Monday, June 20, 2005

Confessions Of Wordy McWordWord

The very first manuscript I wrote was magical, I now realize. Not magical because it was any good. Magical because when I wrote it, I lived in total ignorance as to the intricacies of the publishing world.

I'd had this story - this very detailed, plot-heavy story - floating in my mind for so long, I finally decided to sit down and put it on paper. For two months, I came home from work, scarfed down dinner and took care of the family, then sat down at the computer with anticipation. I wrote and wrote and wrote. I didn't care about anything but telling my story. It was a lot of fun.

But what I've learned since those halcyon days has really cramped my writing style. It's not so much I now worry about character and plot and good craft. I mean, all of that is important and I'm much more aware of it now. Really, my writing has improved ten-fold since that first manuscript.

What's freezes me up is word count.

Yes, word count.

See, I'm a wordy writer. You've probably already figured this out because my blog entries are usually three times longer than most other bloggers on a fairly regular basis. I don't understand the meaning of concise, I guess. I try really hard not to be repetitive, so I'm not really sure where all of those words come from, but there they are.

Learning that single title romance novels usually run in the 150,000 word range is like putting a straight jacket on me. I've already given up on the idea of writing for series lines because I cannot imagine telling a complete story in the span of a paltry 70-90,000 words. And I'm not talking about stories with casts of thousands or intricate settings that require loads of description.

What happens is I start out going gangbusters, and I reach what I'd consider the end of my first chapter. I do a word count and discover that I've already reached 10% of my allotted word count budget and I know I have more than nine chapters left to write. At the rate I'm going, I'll end up with something that rivals War and Peace in terms of pure heft. I get really discouraged because I feel like I must be doing something wrong. Other writers manage a perfectly wonderful Chapter 1 without hitting the 12,000 word mark. Why is it that I've got too many words?

I know the solution is to just not worry about word count at all. I should sit down and tell my entire story. Take as many words as I need. The save comes in the rewrite and the edits. That's when I would pare it all down. Kill those darlings, get rid of all the unnecessary thats and adverbs. I get that part, no problem.

The thing is, when I reread what I've written, I still feel as if it is a bit...thin. You'd think that with such an extreme word count my writing would feel rich, full of atmosphere and perhaps even a bit of purple prose. Except it doesn't. I look at what I've got and I still don't see that it equals the books I've read and love as far as conveying scene. Granted, I'm a beginner, but then how do I account for so many dang words?

What I need to do is turn off my inner word-counter. Maybe I should even find a way to temporarily disable my word count tool. Kind of like hiding your scale when you are on a diet so you don't get discouraged if the weight doesn't fall off like you think it should.

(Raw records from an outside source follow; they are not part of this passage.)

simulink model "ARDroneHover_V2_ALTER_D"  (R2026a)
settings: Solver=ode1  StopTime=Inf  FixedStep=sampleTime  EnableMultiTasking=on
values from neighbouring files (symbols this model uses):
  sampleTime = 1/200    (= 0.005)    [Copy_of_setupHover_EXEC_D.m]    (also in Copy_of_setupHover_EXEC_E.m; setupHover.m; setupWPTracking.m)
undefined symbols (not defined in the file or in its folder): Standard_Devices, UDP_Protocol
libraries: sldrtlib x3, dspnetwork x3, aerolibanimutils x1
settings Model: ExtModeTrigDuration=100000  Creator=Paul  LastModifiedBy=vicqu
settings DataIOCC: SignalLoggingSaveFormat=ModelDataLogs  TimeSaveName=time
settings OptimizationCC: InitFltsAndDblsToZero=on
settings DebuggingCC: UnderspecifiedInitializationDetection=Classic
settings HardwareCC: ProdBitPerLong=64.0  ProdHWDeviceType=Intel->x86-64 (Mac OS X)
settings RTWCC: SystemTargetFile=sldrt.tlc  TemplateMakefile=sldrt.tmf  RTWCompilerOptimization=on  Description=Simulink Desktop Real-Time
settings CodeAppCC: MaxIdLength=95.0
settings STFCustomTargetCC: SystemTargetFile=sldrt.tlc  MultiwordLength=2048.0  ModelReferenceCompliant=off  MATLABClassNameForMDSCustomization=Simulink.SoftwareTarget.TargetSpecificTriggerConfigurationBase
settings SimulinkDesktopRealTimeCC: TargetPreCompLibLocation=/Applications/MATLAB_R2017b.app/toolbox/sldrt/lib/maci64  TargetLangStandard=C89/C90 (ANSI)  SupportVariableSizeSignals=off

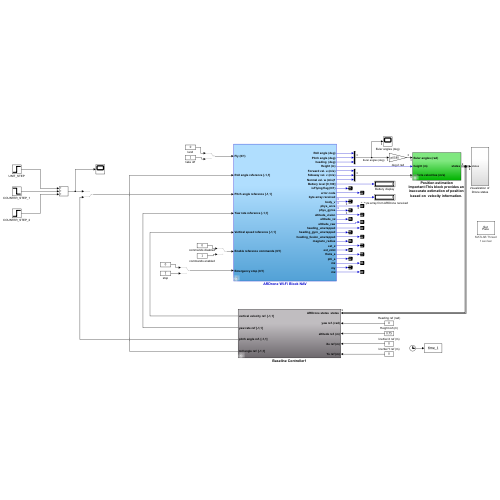
[thumbnail: Simulink's stored preview of the top-level diagram]
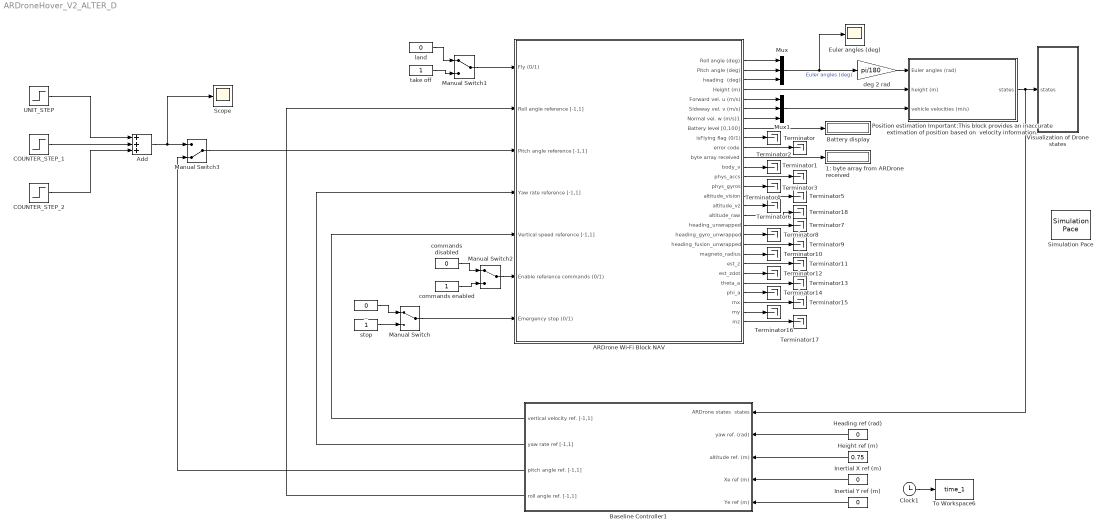
== system ARDroneHover_V2_ALTER_D ==
  "1: byte array from ARDrone received " : Display
  ARDrone Wi-Fi Block NAV : Subsystem  AncestorBlock=ARBlocks/ARDrone Wi-Fi Block NAV
  Add : Sum  Inputs=+++
  Baseline Controller1 : Subsystem  AncestorBlock=ARBlocks/Baseline Controller
  Battery display : Display
  COUNTER_STEP_1 : Step  Time=24  FinalValue=-2  SampleTime=0
  COUNTER_STEP_2 : Step  Time=28  SampleTime=0
  Clock1 : Clock
  Euler angles (deg) : Scope
      settings: ActiveDisplayYMinimum=-141.77037  ActiveDisplayYMaximum=21.99337  DataLoggingMaxPoints=500000
  Heading ref (rad) : Constant  Value=0
  Height ref (m) : Constant  Value=0.75
  Inertial X ref (m) : Constant  Value=0
  Inertial Y ref (m) : Constant  Value=0
  Manual Switch : ManualSwitch
  Manual Switch1 : ManualSwitch
  Manual Switch2 : ManualSwitch
  Manual Switch3 : ManualSwitch  CurrentSetting=0
  Mux : Mux  Inputs=3
  Mux1 : Mux  Inputs=3
  "Position estimation Important:This block provides an inaccurate extimation of position based on  velocity information. " : Subsystem  AncestorBlock=|
      | ARBlocks/Position estimation
      | Important:This block provides an 
      | inaccurate extimation of position 
      | based on  velocity information.
  Scope : Scope
      settings: ActiveDisplayYMinimum=-1  ActiveDisplayYMaximum=1
  Simulation Pace : aerolibanimutils/Simulation Pace  SimulationPace=1  SleepMode=MATLAB Thread  OutputPaceError=off  SampleTime=sampleTime
  Terminator{,1..18} (19 alike) : Terminator
  To Workspace6 : ToWorkspace  VariableName=time_1  SampleTime=sampleTime
  UNIT_STEP : Step  Time=20  SampleTime=0
  Visualization of Drone states : Subsystem
  _ : Constant  Value=0
  commands disabled : Constant  Value=0
  commands enabled : Constant
  deg 2 rad : Gain  Gain=pi/180
  land : Constant  Value=0
  stop : Constant
  take off : Constant
  wires:
  _/1 -> Manual Switch/1
  stop/1 -> Manual Switch/2
  land/1 -> Manual Switch1/1
  take off/1 -> Manual Switch1/2
  commands disabled/1 -> Manual Switch2/1
  commands enabled/1 -> Manual Switch2/2
  Manual Switch1/1 -> ARDrone Wi-Fi Block NAV/1(Fly (0/1))
  Manual Switch2/1 -> ARDrone Wi-Fi Block NAV/6(Enable reference commands (0/1))
  Manual Switch/1 -> ARDrone Wi-Fi Block NAV/7(Emergency stop (0/1))
  ARDrone Wi-Fi Block NAV/1(Roll angle (deg)) -> Mux/1
  ARDrone Wi-Fi Block NAV/2(Pitch angle (deg)) -> Mux/2
  ARDrone Wi-Fi Block NAV/5(Forward vel. u (m/s)) -> Mux1/1
  ARDrone Wi-Fi Block NAV/6(Sideway vel. v (m/s)) -> Mux1/2
  ARDrone Wi-Fi Block NAV/7(Normal vel. w (m/s)1) -> Mux1/3
  Mux/1 -> deg 2 rad/1, Euler angles (deg)/1  "Euler angles (deg)"
  ARDrone Wi-Fi Block NAV/8(Battery level [0,100]) -> Battery display/1
  Baseline Controller1/1(vertical velocity ref. [-1,1]) -> ARDrone Wi-Fi Block NAV/5(Vertical speed reference [-1,1])
  "Position estimation Important:This block provides an inaccurate extimation of position based on  velocity information. "/1(states) -> Baseline Controller1/1("ARDrone states  states "), Visualization of Drone states/1(states)
  deg 2 rad/1 -> "Position estimation Important:This block provides an inaccurate extimation of position based on  velocity information. "/1(Euler angles (rad))
  ARDrone Wi-Fi Block NAV/4(Height (m)) -> "Position estimation Important:This block provides an inaccurate extimation of position based on  velocity information. "/2(height (m))
  Mux1/1 -> "Position estimation Important:This block provides an inaccurate extimation of position based on  velocity information. "/3(vehicle velocities (m/s))
  Baseline Controller1/4(roll angle ref. [-1,1]) -> ARDrone Wi-Fi Block NAV/2(Roll angle reference [-1,1])
  ARDrone Wi-Fi Block NAV/3(heading  (deg)) -> Mux/3
  ARDrone Wi-Fi Block NAV/9(isFlying flag (0/1)) -> Terminator/1
  ARDrone Wi-Fi Block NAV/10(error code) -> Terminator1/1
  ARDrone Wi-Fi Block NAV/11(byte array received) -> "1: byte array from ARDrone received "/1
  Baseline Controller1/2(yaw rate ref [-1,1]) -> ARDrone Wi-Fi Block NAV/4(Yaw rate reference [-1,1])
  Clock1/1 -> To Workspace6/1
  Height ref (m)/1 -> Baseline Controller1/3(altitude ref. (m))
  Inertial X ref (m)/1 -> Baseline Controller1/4(Xe ref (m))
  Inertial Y ref (m)/1 -> Baseline Controller1/5(Ye ref (m))
  Heading ref (rad)/1 -> Baseline Controller1/2(yaw ref. (rad))
  ARDrone Wi-Fi Block NAV/17(altitude_raw) -> Terminator18/1
  ARDrone Wi-Fi Block NAV/12(body_v) -> Terminator2/1
  ARDrone Wi-Fi Block NAV/13(phys_accs) -> Terminator3/1
  ARDrone Wi-Fi Block NAV/14(phys_gyros) -> Terminator4/1
  ARDrone Wi-Fi Block NAV/15(altitude_vision) -> Terminator5/1
  ARDrone Wi-Fi Block NAV/16(altitude_vz) -> Terminator6/1
  ARDrone Wi-Fi Block NAV/19(heading_gyro_unwrapped) -> Terminator8/1
  ARDrone Wi-Fi Block NAV/18(heading_unwrapped) -> Terminator7/1
  ARDrone Wi-Fi Block NAV/21(magneto_radius) -> Terminator10/1
  ARDrone Wi-Fi Block NAV/20(heading_fusion_unwrapped) -> Terminator9/1
  ARDrone Wi-Fi Block NAV/23(est_zdot) -> Terminator12/1
  ARDrone Wi-Fi Block NAV/22(est_z) -> Terminator11/1
  ARDrone Wi-Fi Block NAV/25(phi_a) -> Terminator14/1
  ARDrone Wi-Fi Block NAV/24(theta_a) -> Terminator13/1
  ARDrone Wi-Fi Block NAV/27(my) -> Terminator16/1
  ARDrone Wi-Fi Block NAV/26(mx) -> Terminator15/1
  ARDrone Wi-Fi Block NAV/28(mz) -> Terminator17/1
  Manual Switch3/1 -> ARDrone Wi-Fi Block NAV/3(Pitch angle reference [-1,1])
  Baseline Controller1/3(pitch angle ref. [-1,1]) -> Manual Switch3/2
  Add/1 -> Scope/1, Manual Switch3/1
  UNIT_STEP/1 -> Add/1
  COUNTER_STEP_1/1 -> Add/2
  COUNTER_STEP_2/1 -> Add/3

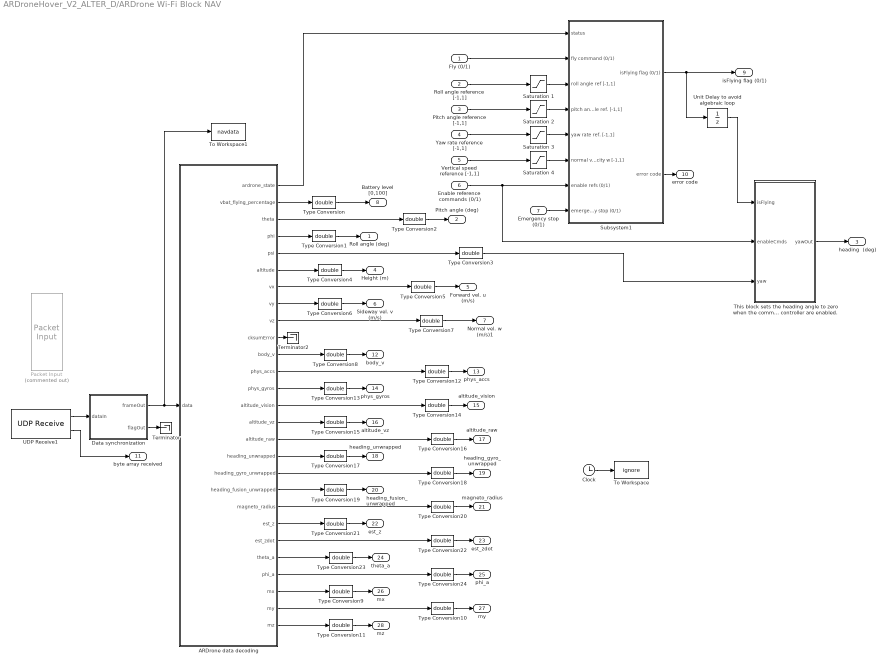
== system ARDroneHover_V2_ALTER_D/ARDrone Wi-Fi Block NAV ==
  Fly (0/1) : Inport
  Roll angle reference [-1,1] : Inport  Port=2
  Pitch angle reference [-1,1] : Inport  Port=3
  Yaw rate reference [-1,1] : Inport  Port=4
  Vertical speed reference [-1,1] : Inport  Port=5
  Enable reference commands (0/1) : Inport  Port=6
  Emergency stop (0/1) : Inport  Port=7
  ARDrone data decoding : MATLAB Function  TreatAsAtomicUnit=on
  Clock : Clock
      settings: Decimation=100
  "Data synchronization " : MATLAB Function  TreatAsAtomicUnit=on
  Packet Input : sldrtlib/Packet Input  Commented=on  SampleTime=sampleTime  MaxMissedTicks=100  ShowMissedTicks=off  YieldWhenWaiting=off  DrvName=Standard_Devices/UDP_Protocol  DrvAddress=5554  DrvOptions=[3232235777 5554]  PacketSize=2190  DataTypes='2190*uint8'  ShowReady=on  ShowError=off  PacketID=1  ByteOrder=1  ShowTimestamp=off
      settings: AttributesFormatString=UDP Protocol [5554]
  Saturation {1..4} (4 alike) : Saturate  UpperLimit=1  LowerLimit=-1
  Subsystem1 : Subsystem
  Terminator : Terminator
  Terminator2 : Terminator
  "This block sets the heading angle to zero when the commands from the Simulink controller are enabled. " : MATLAB Function  TreatAsAtomicUnit=on
  To Workspace : ToWorkspace  VariableName=ignore  SaveFormat=Timeseries  SampleTime=-1
  To Workspace1 : ToWorkspace  VariableName=navdata  SaveFormat=Structure With Time  SampleTime=-1
  Type Conversion{,1..24} (25 alike) : DataTypeConversion  OutDataTypeStr=double  SaturateOnIntegerOverflow=off  RndMeth=Floor
  UDP Receive1 : dspnetwork/UDP Receive  localURL='0.0.0.0'  localPort=5554  remoteURL='192.168.1.1'  remotePort=-1  recvBufferSize=8192  dims=2190  signalDatatype=uint8  isComplex=off  isVarSize=off  showBlockingTime=off  blockingTime=0  sampletime=sampleTime  blockPlatform=[]
  Unit Delay to avoid algebraic loop : UnitDelay  SampleTime=-1
  Roll angle (deg) : Outport  VectorParamsAs1DForOutWhenUnconnected=off
  Pitch angle (deg) : Outport  Port=2  VectorParamsAs1DForOutWhenUnconnected=off
  heading  (deg) : Outport  Port=3  VectorParamsAs1DForOutWhenUnconnected=off
  Height (m) : Outport  Port=4  VectorParamsAs1DForOutWhenUnconnected=off
  Forward vel. u (m/s) : Outport  Port=5  VectorParamsAs1DForOutWhenUnconnected=off
  Sideway vel. v (m/s) : Outport  Port=6  VectorParamsAs1DForOutWhenUnconnected=off
  Normal vel. w (m/s)1 : Outport  Port=7  VectorParamsAs1DForOutWhenUnconnected=off
  Battery level [0,100] : Outport  Port=8  VectorParamsAs1DForOutWhenUnconnected=off
  isFlying flag (0/1) : Outport  Port=9  VectorParamsAs1DForOutWhenUnconnected=off
  error code : Outport  Port=10  VectorParamsAs1DForOutWhenUnconnected=off
  byte array received : Outport  Port=11  VectorParamsAs1DForOutWhenUnconnected=off
  body_v : Outport  Port=12  VectorParamsAs1DForOutWhenUnconnected=off
  phys_accs : Outport  Port=13  VectorParamsAs1DForOutWhenUnconnected=off
  phys_gyros : Outport  Port=14  VectorParamsAs1DForOutWhenUnconnected=off
  altitude_vision : Outport  Port=15  VectorParamsAs1DForOutWhenUnconnected=off
  altitude_vz : Outport  Port=16  VectorParamsAs1DForOutWhenUnconnected=off
  altitude_raw : Outport  Port=17  VectorParamsAs1DForOutWhenUnconnected=off
  heading_unwrapped : Outport  Port=18  VectorParamsAs1DForOutWhenUnconnected=off
  heading_gyro_unwrapped : Outport  Port=19  VectorParamsAs1DForOutWhenUnconnected=off
  heading_fusion_unwrapped : Outport  Port=20  VectorParamsAs1DForOutWhenUnconnected=off
  magneto_radius : Outport  Port=21  VectorParamsAs1DForOutWhenUnconnected=off
  est_z : Outport  Port=22  VectorParamsAs1DForOutWhenUnconnected=off
  est_zdot : Outport  Port=23  VectorParamsAs1DForOutWhenUnconnected=off
  theta_a : Outport  Port=24  VectorParamsAs1DForOutWhenUnconnected=off
  phi_a : Outport  Port=25  VectorParamsAs1DForOutWhenUnconnected=off
  mx : Outport  Port=26  VectorParamsAs1DForOutWhenUnconnected=off
  my : Outport  Port=27  VectorParamsAs1DForOutWhenUnconnected=off
  mz : Outport  Port=28  VectorParamsAs1DForOutWhenUnconnected=off
  wires:
  ARDrone data decoding/27(mz) -> Type Conversion11/1
  Type Conversion11/1 -> mz/1
  ARDrone data decoding/26(my) -> Type Conversion10/1
  Type Conversion10/1 -> my/1
  ARDrone data decoding/25(mx) -> Type Conversion9/1
  Type Conversion9/1 -> mx/1
  ARDrone data decoding/24(phi_a) -> Type Conversion24/1
  ARDrone data decoding/23(theta_a) -> Type Conversion23/1
  ARDrone data decoding/22(est_zdot) -> Type Conversion22/1
  ARDrone data decoding/21(est_z) -> Type Conversion21/1
  ARDrone data decoding/20(magneto_radius) -> Type Conversion20/1
  ARDrone data decoding/19(heading_fusion_unwrapped) -> Type Conversion19/1
  ARDrone data decoding/18(heading_gyro_unwrapped) -> Type Conversion18/1
  ARDrone data decoding/17(heading_unwrapped) -> Type Conversion17/1
  ARDrone data decoding/16(altitude_raw) -> Type Conversion16/1
  ARDrone data decoding/15(altitude_vz) -> Type Conversion15/1
  ARDrone data decoding/14(altitude_vision) -> Type Conversion14/1
  ARDrone data decoding/13(phys_gyros) -> Type Conversion13/1
  ARDrone data decoding/12(phys_accs) -> Type Conversion12/1
  ARDrone data decoding/11(body_v) -> Type Conversion8/1
  ARDrone data decoding/10(cksumError) -> Terminator2/1
  ARDrone data decoding/9(vz) -> Type Conversion7/1
  ARDrone data decoding/8(vy) -> Type Conversion6/1
  ARDrone data decoding/7(vx) -> Type Conversion5/1
  ARDrone data decoding/6(altitude) -> Type Conversion4/1
  ARDrone data decoding/5(psi) -> Type Conversion3/1
  ARDrone data decoding/4(phi) -> Type Conversion1/1
  ARDrone data decoding/3(theta) -> Type Conversion2/1
  ARDrone data decoding/2(vbat_flying_percentage) -> Type Conversion/1
  Type Conversion24/1 -> phi_a/1
  Type Conversion23/1 -> theta_a/1
  Type Conversion22/1 -> est_zdot/1
  Type Conversion21/1 -> est_z/1
  Type Conversion20/1 -> magneto_radius/1
  Type Conversion19/1 -> heading_fusion_unwrapped/1
  Type Conversion18/1 -> heading_gyro_unwrapped/1
  Type Conversion17/1 -> heading_unwrapped/1
  Type Conversion16/1 -> altitude_raw/1
  Type Conversion15/1 -> altitude_vz/1
  Type Conversion14/1 -> altitude_vision/1
  Type Conversion13/1 -> phys_gyros/1
  Type Conversion12/1 -> phys_accs/1
  Type Conversion8/1 -> body_v/1
  Clock/1 -> To Workspace/1
  Unit Delay to avoid algebraic loop/1 -> "This block sets the heading angle to zero when the commands from the Simulink controller are enabled. "/1(isFlying)
  "Data synchronization "/2(flagOut) -> Terminator/1
  Saturation 4/1 -> Subsystem1/6(normal velocity w [-1,1])
  Saturation 3/1 -> Subsystem1/5(yaw rate ref. [-1,1])
  Saturation 2/1 -> Subsystem1/4(pitch angle ref. [-1,1])
  Saturation 1/1 -> Subsystem1/3(roll angle ref [-1,1])
  Fly (0/1)/1 -> Subsystem1/2(fly command (0/1))
  "This block sets the heading angle to zero when the commands from the Simulink controller are enabled. "/1(yawOut) -> heading  (deg)/1
  Type Conversion3/1 -> "This block sets the heading angle to zero when the commands from the Simulink controller are enabled. "/3(yaw)
  Type Conversion7/1 -> Normal vel. w (m/s)1/1
  Type Conversion6/1 -> Sideway vel. v (m/s)/1
  Type Conversion5/1 -> Forward vel. u (m/s)/1
  Type Conversion4/1 -> Height (m)/1
  Type Conversion2/1 -> Pitch angle (deg)/1
  Type Conversion1/1 -> Roll angle (deg)/1
  Type Conversion/1 -> Battery level [0,100]/1
  Subsystem1/2(error code) -> error code/1
  Subsystem1/1(isFlying flag (0/1)) -> Unit Delay to avoid algebraic loop/1, isFlying flag (0/1)/1
  Emergency stop (0/1)/1 -> Subsystem1/8(emergency stop (0/1))
  Enable reference commands (0/1)/1 -> Subsystem1/7(enable refs (0/1)), "This block sets the heading angle to zero when the commands from the Simulink controller are enabled. "/2(enableCmds)
  Vertical speed reference [-1,1]/1 -> Saturation 4/1
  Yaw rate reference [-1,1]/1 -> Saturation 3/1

I once wrote a story for a contest that had a word limit of, like, 750 words. I got down around 1,000 or so and was completely stuck. So I sent the rough draft off to a writer friend I have who has almost the exact opposite problem as I do. She's a master at brevity. She uses the fewest words necessary to tell the most amazing stories, and I both love her and hate her for it. Anyway, I asked her to help me edit and what she sent back to me was amazing. She'd removed some descriptive, cut out speech tags, got rid of some dialogue speech tics I'd been using. The word count was a perfect 750 and with a big thanks to her, I was able to submit the story.

But when it was all said and done, the Story Lite version felt kind of dry to me. Like a steak that had been cooked too long and had no flavorful juices left. I'd sacrificed my voice in the name of making a word count.

I guess what I need to do is go back to writing a story simply because I have a story I want to tell, with no ideas of ever having it published. If I can get into that frame of mind - not worry if my end result will be a three volume set - I imagine writing would be a lot more fun. And I also believe it may be the answer to my problem of never finishing. Somehow it's really hard to get inspired to finish something when you already feel you've reached your word limit. Kind of a "what's the point" attitude.